# How do you solve (x-2)/(x^2-7x+10)=1/(5x-10)-1/(x-5)?

##### 3 Answers
Dec 29, 2015

Simplify by getting everything on the same common denominator and then rearrange to find x

#### Explanation:

$\frac{x - 2}{\left(x - 2\right) \left(x - 5\right)} = \frac{\left(x - 5\right) - \left(5 x - 10\right)}{\left(5 x - 10\right) \left(x - 5\right)}$
(x-2)/((x-2)(x-5)) = (-4x + 5)/(5(x-2)(x-5)
$5 \left(x - 2\right) = \left(5 - 4 x\right)$
$5 x + 4 x = 5 + 10$
$x = \frac{15}{9} = \frac{5}{3}$

Dec 31, 2015

You can simplify the left side.

#### Explanation:

Obtaining the roots for ${x}^{2} - 7 x + 10 = 0$
$\Delta = 49 - 40 = 9$
$x = \frac{7 \pm \sqrt{9}}{2}$ => ${x}_{1} = 2$ and ${x}_{2} = 5$
Then ${x}^{2} - 7 x + 10 = \left(x - {x}_{1}\right) \left(x - {x}_{2}\right) = \left(x - 2\right) \left(x - 5\right)$

In the expression:
$\frac{\cancel{x - 2}}{\cancel{\left(x - 2\right)} \left(x - 5\right)} = \frac{1}{5 x - 10} - \frac{1}{x - 5}$
$\frac{2}{x - 5} = \frac{1}{5 x - 10}$
$10 x - 20 = x - 5$
$9 x = 15$ => $x = \frac{5}{3}$

Jan 9, 2016

$x = \frac{5}{3}$

#### Explanation:

Factor each denominator.

$\frac{x - 2}{\left(x - 5\right) \left(x - 2\right)} = \frac{1}{5 \left(x - 2\right)} - \frac{1}{x - 5}$

Simplify the first fraction by dividing $\frac{x - 2}{x - 2} = 1$.

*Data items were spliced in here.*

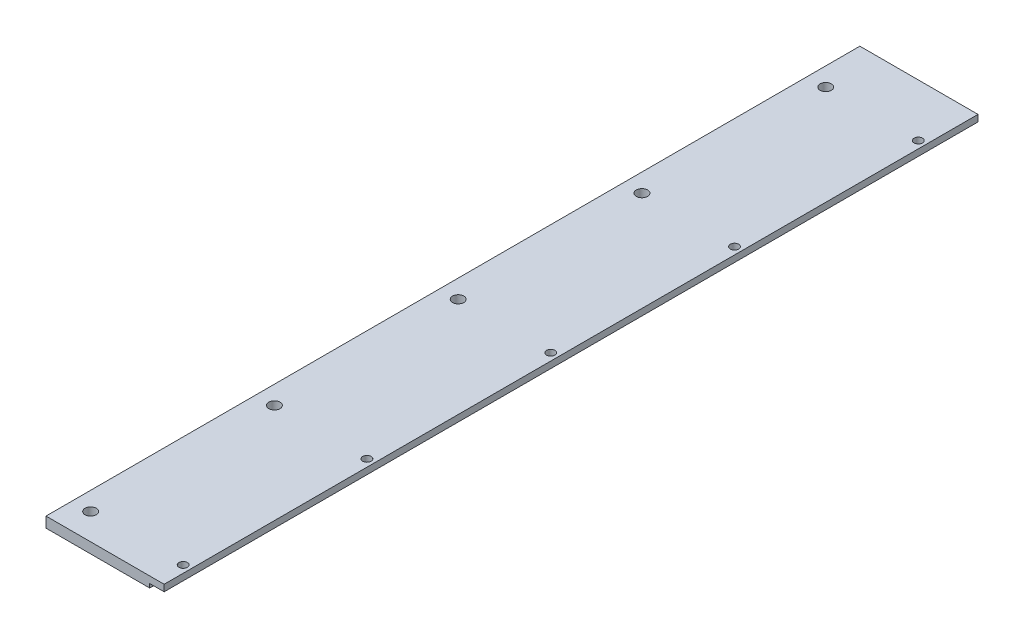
ISO-10303-21;
HEADER;
FILE_DESCRIPTION(('STEP AP214'),'2;1');
FILE_NAME('part.step','',(''),(''),'','','');
FILE_SCHEMA(('AUTOMOTIVE_DESIGN { 1 0 10303 214 1 1 1 1 }'));
ENDSEC;
DATA;
#1=APPLICATION_CONTEXT('core data for automotive mechanical design processes');
#2=APPLICATION_PROTOCOL_DEFINITION('international standard','automotive_design',2000,#1);
#3=PRODUCT_CONTEXT('',#1,'mechanical');
#4=PRODUCT('Part','Part','',(#3));
#5=PRODUCT_RELATED_PRODUCT_CATEGORY('part','',(#4));
#6=PRODUCT_DEFINITION_FORMATION('','',#4);
#7=PRODUCT_DEFINITION_CONTEXT('part definition',#1,'design');
#8=PRODUCT_DEFINITION('design','',#6,#7);
#9=PRODUCT_DEFINITION_SHAPE('','',#8);
#10=(LENGTH_UNIT() NAMED_UNIT(*) SI_UNIT(.MILLI.,.METRE.));
#11=(NAMED_UNIT(*) PLANE_ANGLE_UNIT() SI_UNIT($,.RADIAN.));
#12=(NAMED_UNIT(*) SI_UNIT($,.STERADIAN.) SOLID_ANGLE_UNIT());
#13=UNCERTAINTY_MEASURE_WITH_UNIT(LENGTH_MEASURE(1.E-05),#10,'distance_accuracy_value','');
#14=(GEOMETRIC_REPRESENTATION_CONTEXT(3) GLOBAL_UNCERTAINTY_ASSIGNED_CONTEXT((#13)) GLOBAL_UNIT_ASSIGNED_CONTEXT((#10,
#11,#12)) REPRESENTATION_CONTEXT('',''));
#15=CARTESIAN_POINT('',(0.,0.,0.));
#16=DIRECTION('',(0.,0.,1.));
#17=DIRECTION('',(1.,0.,0.));
#18=AXIS2_PLACEMENT_3D('',#15,#16,#17);
#19=CARTESIAN_POINT('',(0.,0.,310.));
#20=DIRECTION('',(1.,0.,0.));
#21=DIRECTION('',(0.,0.,-1.));
#22=AXIS2_PLACEMENT_3D('',#19,#20,#21);
#23=PLANE('',#22);
#24=DIRECTION('',(0.,-1.,0.));
#25=VECTOR('',#24,1.);
#26=CARTESIAN_POINT('',(0.,0.,0.));
#27=LINE('',#26,#25);
#28=CARTESIAN_POINT('',(0.,4.,0.));
#29=VERTEX_POINT('',#28);
#30=CARTESIAN_POINT('',(0.,0.,0.));
#31=VERTEX_POINT('',#30);
#32=EDGE_CURVE('E406',#29,#31,#27,.T.);
#33=ORIENTED_EDGE('',*,*,#32,.T.);
#34=DIRECTION('',(0.,0.,-1.));
#35=VECTOR('',#34,1.);
#36=CARTESIAN_POINT('',(0.,0.,310.));
#37=LINE('',#36,#35);
#38=CARTESIAN_POINT('',(0.,0.,310.));
#39=VERTEX_POINT('',#38);
#40=EDGE_CURVE('E11',#39,#31,#37,.T.);
#41=ORIENTED_EDGE('',*,*,#40,.F.);
#42=DIRECTION('',(0.,-1.,0.));
#43=VECTOR('',#42,1.);
#44=CARTESIAN_POINT('',(0.,0.,310.));
#45=LINE('',#44,#43);
#46=CARTESIAN_POINT('',(0.,4.,310.));
#47=VERTEX_POINT('',#46);
#48=EDGE_CURVE('E434',#47,#39,#45,.T.);
#49=ORIENTED_EDGE('',*,*,#48,.F.);
#50=DIRECTION('',(0.,0.,-1.));
#51=VECTOR('',#50,1.);
#52=CARTESIAN_POINT('',(0.,4.,310.));
#53=LINE('',#52,#51);
#54=EDGE_CURVE('E419',#47,#29,#53,.T.);
#55=ORIENTED_EDGE('',*,*,#54,.T.);
#56=EDGE_LOOP('',(#33,#41,#49,#55));
#57=FACE_BOUND('',#56,.T.);
#58=ADVANCED_FACE('F348',(#57),#23,.F.);
#59=CARTESIAN_POINT('',(0.,0.,310.));
#60=DIRECTION('',(0.,1.,0.));
#61=DIRECTION('',(0.,0.,1.));
#62=AXIS2_PLACEMENT_3D('',#59,#60,#61);
#63=PLANE('',#62);
#64=CARTESIAN_POINT('',(7.00000000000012,0.,20.0000000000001));
#65=DIRECTION('',(0.,1.,0.));
#66=DIRECTION('',(0.,0.,1.));
#67=AXIS2_PLACEMENT_3D('',#64,#65,#66);
#68=CIRCLE('',#67,2.15);
#69=CARTESIAN_POINT('',(7.00000000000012,0.,22.1500000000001));
#70=VERTEX_POINT('',#69);
#71=EDGE_CURVE('E485',#70,#70,#68,.T.);
#72=ORIENTED_EDGE('',*,*,#71,.T.);
#73=EDGE_LOOP('',(#72));
#74=FACE_BOUND('',#73,.T.);
#75=CARTESIAN_POINT('',(7.00000000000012,0.,90.0000000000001));
#76=DIRECTION('',(0.,1.,0.));
#77=DIRECTION('',(0.,0.,1.));
#78=AXIS2_PLACEMENT_3D('',#75,#76,#77);
#79=CIRCLE('',#78,2.15);
#80=CARTESIAN_POINT('',(7.00000000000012,0.,92.1500000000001));
#81=VERTEX_POINT('',#80);
#82=EDGE_CURVE('E491',#81,#81,#79,.T.);
#83=ORIENTED_EDGE('',*,*,#82,.T.);
#84=EDGE_LOOP('',(#83));
#85=FACE_BOUND('',#84,.T.);
#86=CARTESIAN_POINT('',(7.00000000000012,0.,160.));
#87=DIRECTION('',(0.,1.,0.));
#88=DIRECTION('',(0.,0.,1.));
#89=AXIS2_PLACEMENT_3D('',#86,#87,#88);
#90=CIRCLE('',#89,2.15);
#91=CARTESIAN_POINT('',(7.00000000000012,0.,162.15));
#92=VERTEX_POINT('',#91);
#93=EDGE_CURVE('E497',#92,#92,#90,.T.);
#94=ORIENTED_EDGE('',*,*,#93,.T.);
#95=EDGE_LOOP('',(#94));
#96=FACE_BOUND('',#95,.T.);
#97=CARTESIAN_POINT('',(7.00000000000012,0.,230.));
#98=DIRECTION('',(0.,1.,0.));
#99=DIRECTION('',(0.,0.,1.));
#100=AXIS2_PLACEMENT_3D('',#97,#98,#99);
#101=CIRCLE('',#100,2.15);
#102=CARTESIAN_POINT('',(7.00000000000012,0.,232.15));
#103=VERTEX_POINT('',#102);
#104=EDGE_CURVE('E503',#103,#103,#101,.T.);
#105=ORIENTED_EDGE('',*,*,#104,.T.);
#106=EDGE_LOOP('',(#105));
#107=FACE_BOUND('',#106,.T.);
#108=CARTESIAN_POINT('',(7.00000000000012,0.,300.));
#109=DIRECTION('',(0.,1.,0.));
#110=DIRECTION('',(0.,0.,1.));
#111=AXIS2_PLACEMENT_3D('',#108,#109,#110);
#112=CIRCLE('',#111,2.15);
#113=CARTESIAN_POINT('',(7.00000000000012,0.,302.15));
#114=VERTEX_POINT('',#113);
#115=EDGE_CURVE('E420',#114,#114,#112,.T.);
#116=ORIENTED_EDGE('',*,*,#115,.T.);
#117=EDGE_LOOP('',(#116));
#118=FACE_BOUND('',#117,.T.);
#119=DIRECTION('',(1.,0.,0.));
#120=VECTOR('',#119,1.);
#121=CARTESIAN_POINT('',(0.,0.,0.));
#122=LINE('',#121,#120);
#123=CARTESIAN_POINT('',(39.5,0.,0.));
#124=VERTEX_POINT('',#123);
#125=EDGE_CURVE('E402',#31,#124,#122,.T.);
#126=ORIENTED_EDGE('',*,*,#125,.T.);
#127=DIRECTION('',(0.,0.,-1.));
#128=VECTOR('',#127,1.);
#129=CARTESIAN_POINT('',(39.5,0.,310.));
#130=LINE('',#129,#128);
#131=CARTESIAN_POINT('',(39.5,0.,310.));
#132=VERTEX_POINT('',#131);
#133=EDGE_CURVE('E356',#132,#124,#130,.T.);
#134=ORIENTED_EDGE('',*,*,#133,.F.);
#135=DIRECTION('',(1.,0.,0.));
#136=VECTOR('',#135,1.);
#137=CARTESIAN_POINT('',(0.,0.,310.));
#138=LINE('',#137,#136);
#139=EDGE_CURVE('E415',#39,#132,#138,.T.);
#140=ORIENTED_EDGE('',*,*,#139,.F.);
#141=ORIENTED_EDGE('',*,*,#40,.T.);
#142=EDGE_LOOP('',(#126,#134,#140,#141));
#143=FACE_BOUND('',#142,.T.);
#144=ADVANCED_FACE('F414',(#74,#85,#96,#107,#118,#143),#63,.F.);
#145=CARTESIAN_POINT('',(39.5,1.5,310.));
#146=DIRECTION('',(-1.,0.,0.));
#147=DIRECTION('',(0.,-1.,0.));
#148=AXIS2_PLACEMENT_3D('',#145,#146,#147);
#149=PLANE('',#148);
#150=DIRECTION('',(0.,1.,0.));
#151=VECTOR('',#150,1.);
#152=CARTESIAN_POINT('',(39.5,1.5,0.));
#153=LINE('',#152,#151);
#154=CARTESIAN_POINT('',(39.5,1.5,0.));
#155=VERTEX_POINT('',#154);
#156=EDGE_CURVE('E408',#124,#155,#153,.T.);
#157=ORIENTED_EDGE('',*,*,#156,.T.);
#158=DIRECTION('',(0.,0.,-1.));
#159=VECTOR('',#158,1.);
#160=CARTESIAN_POINT('',(39.5,1.5,310.));
#161=LINE('',#160,#159);
#162=CARTESIAN_POINT('',(39.5,1.5,310.));
#163=VERTEX_POINT('',#162);
#164=EDGE_CURVE('E450',#163,#155,#161,.T.);
#165=ORIENTED_EDGE('',*,*,#164,.F.);
#166=DIRECTION('',(0.,1.,0.));
#167=VECTOR('',#166,1.);
#168=CARTESIAN_POINT('',(39.5,1.5,310.));
#169=LINE('',#168,#167);
#170=EDGE_CURVE('E437',#132,#163,#169,.T.);
#171=ORIENTED_EDGE('',*,*,#170,.F.);
#172=ORIENTED_EDGE('',*,*,#133,.T.);
#173=EDGE_LOOP('',(#157,#165,#171,#172));
#174=FACE_BOUND('',#173,.T.);
#175=ADVANCED_FACE('F528',(#174),#149,.F.);
#176=CARTESIAN_POINT('',(39.5,1.5,310.));
#177=DIRECTION('',(0.,1.,0.));
#178=DIRECTION('',(0.,0.,1.));
#179=AXIS2_PLACEMENT_3D('',#176,#177,#178);
#180=PLANE('',#179);
#181=CARTESIAN_POINT('',(42.25,1.5,20.0000000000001));
#182=DIRECTION('',(0.,1.,0.));
#183=DIRECTION('',(0.,0.,1.));
#184=AXIS2_PLACEMENT_3D('',#181,#182,#183);
#185=CIRCLE('',#184,1.59999999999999);
#186=CARTESIAN_POINT('',(42.25,1.5,21.6000000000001));
#187=VERTEX_POINT('',#186);
#188=EDGE_CURVE('E351',#187,#187,#185,.T.);
#189=ORIENTED_EDGE('',*,*,#188,.T.);
#190=EDGE_LOOP('',(#189));
#191=FACE_BOUND('',#190,.T.);
#192=CARTESIAN_POINT('',(42.25,1.5,90.0000000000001));
#193=DIRECTION('',(0.,1.,0.));
#194=DIRECTION('',(0.,0.,1.));
#195=AXIS2_PLACEMENT_3D('',#192,#193,#194);
#196=CIRCLE('',#195,1.59999999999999);
#197=CARTESIAN_POINT('',(42.25,1.5,91.6000000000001));
#198=VERTEX_POINT('',#197);
#199=EDGE_CURVE('E466',#198,#198,#196,.T.);
#200=ORIENTED_EDGE('',*,*,#199,.T.);
#201=EDGE_LOOP('',(#200));
#202=FACE_BOUND('',#201,.T.);
#203=CARTESIAN_POINT('',(42.25,1.5,160.));
#204=DIRECTION('',(0.,1.,0.));
#205=DIRECTION('',(0.,0.,1.));
#206=AXIS2_PLACEMENT_3D('',#203,#204,#205);
#207=CIRCLE('',#206,1.59999999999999);
#208=CARTESIAN_POINT('',(42.25,1.5,161.6));
#209=VERTEX_POINT('',#208);
#210=EDGE_CURVE('E463',#209,#209,#207,.T.);
#211=ORIENTED_EDGE('',*,*,#210,.T.);
#212=EDGE_LOOP('',(#211));
#213=FACE_BOUND('',#212,.T.);
#214=CARTESIAN_POINT('',(42.25,1.5,230.));
#215=DIRECTION('',(0.,1.,0.));
#216=DIRECTION('',(0.,0.,1.));
#217=AXIS2_PLACEMENT_3D('',#214,#215,#216);
#218=CIRCLE('',#217,1.59999999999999);
#219=CARTESIAN_POINT('',(42.25,1.5,231.6));
#220=VERTEX_POINT('',#219);
#221=EDGE_CURVE('E458',#220,#220,#218,.T.);
#222=ORIENTED_EDGE('',*,*,#221,.T.);
#223=EDGE_LOOP('',(#222));
#224=FACE_BOUND('',#223,.T.);
#225=CARTESIAN_POINT('',(42.25,1.5,300.));
#226=DIRECTION('',(0.,1.,0.));
#227=DIRECTION('',(0.,0.,1.));
#228=AXIS2_PLACEMENT_3D('',#225,#226,#227);
#229=CIRCLE('',#228,1.59999999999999);
#230=CARTESIAN_POINT('',(42.25,1.5,301.6));
#231=VERTEX_POINT('',#230);
#232=EDGE_CURVE('E454',#231,#231,#229,.T.);
#233=ORIENTED_EDGE('',*,*,#232,.T.);
#234=EDGE_LOOP('',(#233));
#235=FACE_BOUND('',#234,.T.);
#236=DIRECTION('',(1.,0.,0.));
#237=VECTOR('',#236,1.);
#238=CARTESIAN_POINT('',(39.5,1.5,0.));
#239=LINE('',#238,#237);
#240=CARTESIAN_POINT('',(45.,1.5,0.));
#241=VERTEX_POINT('',#240);
#242=EDGE_CURVE('E428',#155,#241,#239,.T.);
#243=ORIENTED_EDGE('',*,*,#242,.T.);
#244=DIRECTION('',(0.,0.,-1.));
#245=VECTOR('',#244,1.);
#246=CARTESIAN_POINT('',(45.,1.5,310.));
#247=LINE('',#246,#245);
#248=CARTESIAN_POINT('',(45.,1.5,310.));
#249=VERTEX_POINT('',#248);
#250=EDGE_CURVE('E447',#249,#241,#247,.T.);
#251=ORIENTED_EDGE('',*,*,#250,.F.);
#252=DIRECTION('',(1.,0.,0.));
#253=VECTOR('',#252,1.);
#254=CARTESIAN_POINT('',(39.5,1.5,310.));
#255=LINE('',#254,#253);
#256=EDGE_CURVE('E439',#163,#249,#255,.T.);
#257=ORIENTED_EDGE('',*,*,#256,.F.);
#258=ORIENTED_EDGE('',*,*,#164,.T.);
#259=EDGE_LOOP('',(#243,#251,#257,#258));
#260=FACE_BOUND('',#259,.T.);
#261=ADVANCED_FACE('F524',(#191,#202,#213,#224,#235,#260),#180,.F.);
#262=CARTESIAN_POINT('',(45.,1.5,310.));
#263=DIRECTION('',(-1.,0.,0.));
#264=DIRECTION('',(0.,0.,1.));
#265=AXIS2_PLACEMENT_3D('',#262,#263,#264);
#266=PLANE('',#265);
#267=DIRECTION('',(0.,1.,0.));
#268=VECTOR('',#267,1.);
#269=CARTESIAN_POINT('',(45.,1.5,0.));
#270=LINE('',#269,#268);
#271=CARTESIAN_POINT('',(45.,4.,0.));
#272=VERTEX_POINT('',#271);
#273=EDGE_CURVE('E430',#241,#272,#270,.T.);
#274=ORIENTED_EDGE('',*,*,#273,.T.);
#275=DIRECTION('',(0.,0.,-1.));
#276=VECTOR('',#275,1.);
#277=CARTESIAN_POINT('',(45.,4.,310.));
#278=LINE('',#277,#276);
#279=CARTESIAN_POINT('',(45.,4.,310.));
#280=VERTEX_POINT('',#279);
#281=EDGE_CURVE('E444',#280,#272,#278,.T.);
#282=ORIENTED_EDGE('',*,*,#281,.F.);
#283=DIRECTION('',(0.,1.,0.));
#284=VECTOR('',#283,1.);
#285=CARTESIAN_POINT('',(45.,1.5,310.));
#286=LINE('',#285,#284);
#287=EDGE_CURVE('E369',#249,#280,#286,.T.);
#288=ORIENTED_EDGE('',*,*,#287,.F.);
#289=ORIENTED_EDGE('',*,*,#250,.T.);
#290=EDGE_LOOP('',(#274,#282,#288,#289));
#291=FACE_BOUND('',#290,.T.);
#292=ADVANCED_FACE('F516',(#291),#266,.F.);
#293=CARTESIAN_POINT('',(0.,4.,310.));
#294=DIRECTION('',(0.,-1.,0.));
#295=DIRECTION('',(0.,0.,-1.));
#296=AXIS2_PLACEMENT_3D('',#293,#294,#295);
#297=PLANE('',#296);
#298=CARTESIAN_POINT('',(42.25,4.,20.0000000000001));
#299=DIRECTION('',(0.,1.,0.));
#300=DIRECTION('',(0.,0.,1.));
#301=AXIS2_PLACEMENT_3D('',#298,#299,#300);
#302=CIRCLE('',#301,1.59999999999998);
#303=CARTESIAN_POINT('',(42.25,4.,21.6000000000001));
#304=VERTEX_POINT('',#303);
#305=EDGE_CURVE('E478',#304,#304,#302,.T.);
#306=ORIENTED_EDGE('',*,*,#305,.F.);
#307=EDGE_LOOP('',(#306));
#308=FACE_BOUND('',#307,.T.);
#309=CARTESIAN_POINT('',(42.25,4.,90.0000000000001));
#310=DIRECTION('',(0.,1.,0.));
#311=DIRECTION('',(0.,0.,1.));
#312=AXIS2_PLACEMENT_3D('',#309,#310,#311);
#313=CIRCLE('',#312,1.59999999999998);
#314=CARTESIAN_POINT('',(42.25,4.,91.6000000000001));
#315=VERTEX_POINT('',#314);
#316=EDGE_CURVE('E468',#315,#315,#313,.T.);
#317=ORIENTED_EDGE('',*,*,#316,.F.);
#318=EDGE_LOOP('',(#317));
#319=FACE_BOUND('',#318,.T.);
#320=CARTESIAN_POINT('',(42.25,4.,160.));
#321=DIRECTION('',(0.,1.,0.));
#322=DIRECTION('',(0.,0.,1.));
#323=AXIS2_PLACEMENT_3D('',#320,#321,#322);
#324=CIRCLE('',#323,1.59999999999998);
#325=CARTESIAN_POINT('',(42.25,4.,161.6));
#326=VERTEX_POINT('',#325);
#327=EDGE_CURVE('E465',#326,#326,#324,.T.);
#328=ORIENTED_EDGE('',*,*,#327,.F.);
#329=EDGE_LOOP('',(#328));
#330=FACE_BOUND('',#329,.T.);
#331=CARTESIAN_POINT('',(42.25,4.,230.));
#332=DIRECTION('',(0.,1.,0.));
#333=DIRECTION('',(0.,0.,1.));
#334=AXIS2_PLACEMENT_3D('',#331,#332,#333);
#335=CIRCLE('',#334,1.59999999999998);
#336=CARTESIAN_POINT('',(42.25,4.,231.6));
#337=VERTEX_POINT('',#336);
#338=EDGE_CURVE('E462',#337,#337,#335,.T.);
#339=ORIENTED_EDGE('',*,*,#338,.F.);
#340=EDGE_LOOP('',(#339));
#341=FACE_BOUND('',#340,.T.);
#342=CARTESIAN_POINT('',(7.00000000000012,4.,20.0000000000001));
#343=DIRECTION('',(0.,1.,0.));
#344=DIRECTION('',(0.,0.,1.));
#345=AXIS2_PLACEMENT_3D('',#342,#343,#344);
#346=CIRCLE('',#345,2.14999999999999);
#347=CARTESIAN_POINT('',(7.00000000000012,4.,22.1500000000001));
#348=VERTEX_POINT('',#347);
#349=EDGE_CURVE('E461',#348,#348,#346,.T.);
#350=ORIENTED_EDGE('',*,*,#349,.F.);
#351=EDGE_LOOP('',(#350));
#352=FACE_BOUND('',#351,.T.);
#353=CARTESIAN_POINT('',(7.00000000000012,4.,90.0000000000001));
#354=DIRECTION('',(0.,1.,0.));
#355=DIRECTION('',(0.,0.,1.));
#356=AXIS2_PLACEMENT_3D('',#353,#354,#355);
#357=CIRCLE('',#356,2.14999999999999);
#358=CARTESIAN_POINT('',(7.00000000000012,4.,92.1500000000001));
#359=VERTEX_POINT('',#358);
#360=EDGE_CURVE('E488',#359,#359,#357,.T.);
#361=ORIENTED_EDGE('',*,*,#360,.F.);
#362=EDGE_LOOP('',(#361));
#363=FACE_BOUND('',#362,.T.);
#364=CARTESIAN_POINT('',(7.00000000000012,4.,160.));
#365=DIRECTION('',(0.,1.,0.));
#366=DIRECTION('',(0.,0.,1.));
#367=AXIS2_PLACEMENT_3D('',#364,#365,#366);
#368=CIRCLE('',#367,2.14999999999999);
#369=CARTESIAN_POINT('',(7.00000000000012,4.,162.15));
#370=VERTEX_POINT('',#369);
#371=EDGE_CURVE('E494',#370,#370,#368,.T.);
#372=ORIENTED_EDGE('',*,*,#371,.F.);
#373=EDGE_LOOP('',(#372));
#374=FACE_BOUND('',#373,.T.);
#375=CARTESIAN_POINT('',(7.00000000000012,4.,230.));
#376=DIRECTION('',(0.,1.,0.));
#377=DIRECTION('',(0.,0.,1.));
#378=AXIS2_PLACEMENT_3D('',#375,#376,#377);
#379=CIRCLE('',#378,2.14999999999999);
#380=CARTESIAN_POINT('',(7.00000000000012,4.,232.15));
#381=VERTEX_POINT('',#380);
#382=EDGE_CURVE('E500',#381,#381,#379,.T.);
#383=ORIENTED_EDGE('',*,*,#382,.F.);
#384=EDGE_LOOP('',(#383));
#385=FACE_BOUND('',#384,.T.);
#386=CARTESIAN_POINT('',(42.25,4.,300.));
#387=DIRECTION('',(0.,1.,0.));
#388=DIRECTION('',(0.,0.,1.));
#389=AXIS2_PLACEMENT_3D('',#386,#387,#388);
#390=CIRCLE('',#389,1.59999999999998);
#391=CARTESIAN_POINT('',(42.25,4.,301.6));
#392=VERTEX_POINT('',#391);
#393=EDGE_CURVE('E457',#392,#392,#390,.T.);
#394=ORIENTED_EDGE('',*,*,#393,.F.);
#395=EDGE_LOOP('',(#394));
#396=FACE_BOUND('',#395,.T.);
#397=CARTESIAN_POINT('',(7.00000000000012,4.,300.));
#398=DIRECTION('',(0.,1.,0.));
#399=DIRECTION('',(0.,0.,1.));
#400=AXIS2_PLACEMENT_3D('',#397,#398,#399);
#401=CIRCLE('',#400,2.14999999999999);
#402=CARTESIAN_POINT('',(7.00000000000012,4.,302.15));
#403=VERTEX_POINT('',#402);
#404=EDGE_CURVE('E423',#403,#403,#401,.T.);
#405=ORIENTED_EDGE('',*,*,#404,.F.);
#406=EDGE_LOOP('',(#405));
#407=FACE_BOUND('',#406,.T.);
#408=DIRECTION('',(-1.,0.,0.));
#409=VECTOR('',#408,1.);
#410=CARTESIAN_POINT('',(0.,4.,0.));
#411=LINE('',#410,#409);
#412=EDGE_CURVE('E432',#272,#29,#411,.T.);
#413=ORIENTED_EDGE('',*,*,#412,.T.);
#414=ORIENTED_EDGE('',*,*,#54,.F.);
#415=DIRECTION('',(-1.,0.,0.));
#416=VECTOR('',#415,1.);
#417=CARTESIAN_POINT('',(0.,4.,310.));
#418=LINE('',#417,#416);
#419=EDGE_CURVE('E364',#280,#47,#418,.T.);
#420=ORIENTED_EDGE('',*,*,#419,.F.);
#421=ORIENTED_EDGE('',*,*,#281,.T.);
#422=EDGE_LOOP('',(#413,#414,#420,#421));
#423=FACE_BOUND('',#422,.T.);
#424=ADVANCED_FACE('F512',(#308,#319,#330,#341,#352,#363,#374,#385,#396,#407,#423),#297,.F.);
#425=CARTESIAN_POINT('',(0.,4.,310.));
#426=DIRECTION('',(0.,0.,-1.));
#427=DIRECTION('',(-1.,0.,0.));
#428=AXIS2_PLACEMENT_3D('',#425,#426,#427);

$\frac{1}{x - 5} = \frac{1}{5 \left(x - 2\right)} - \frac{1}{x - 5}$

Add $\frac{1}{x - 5}$ to both sides.

2/(x-5)=1/(5(x-2)

Cross multiply.

$10 \left(x - 2\right) = x - 5$

Simplify and solve.

$10 x - 20 = x - 5$

$9 x - 20 = - 5$

$9 x = 15$

$x = \frac{15}{9}$

$x = \frac{5}{3}$

When solving rational equations such as these, it's always a good idea to go back and check that this answer isn't an invalid answer. Invalidity would occur if $x = \frac{5}{3}$ caused a denominator to equal $0$, but the only two values for $x$ that would cause that here are $2$ and $5$, so this is a valid answer.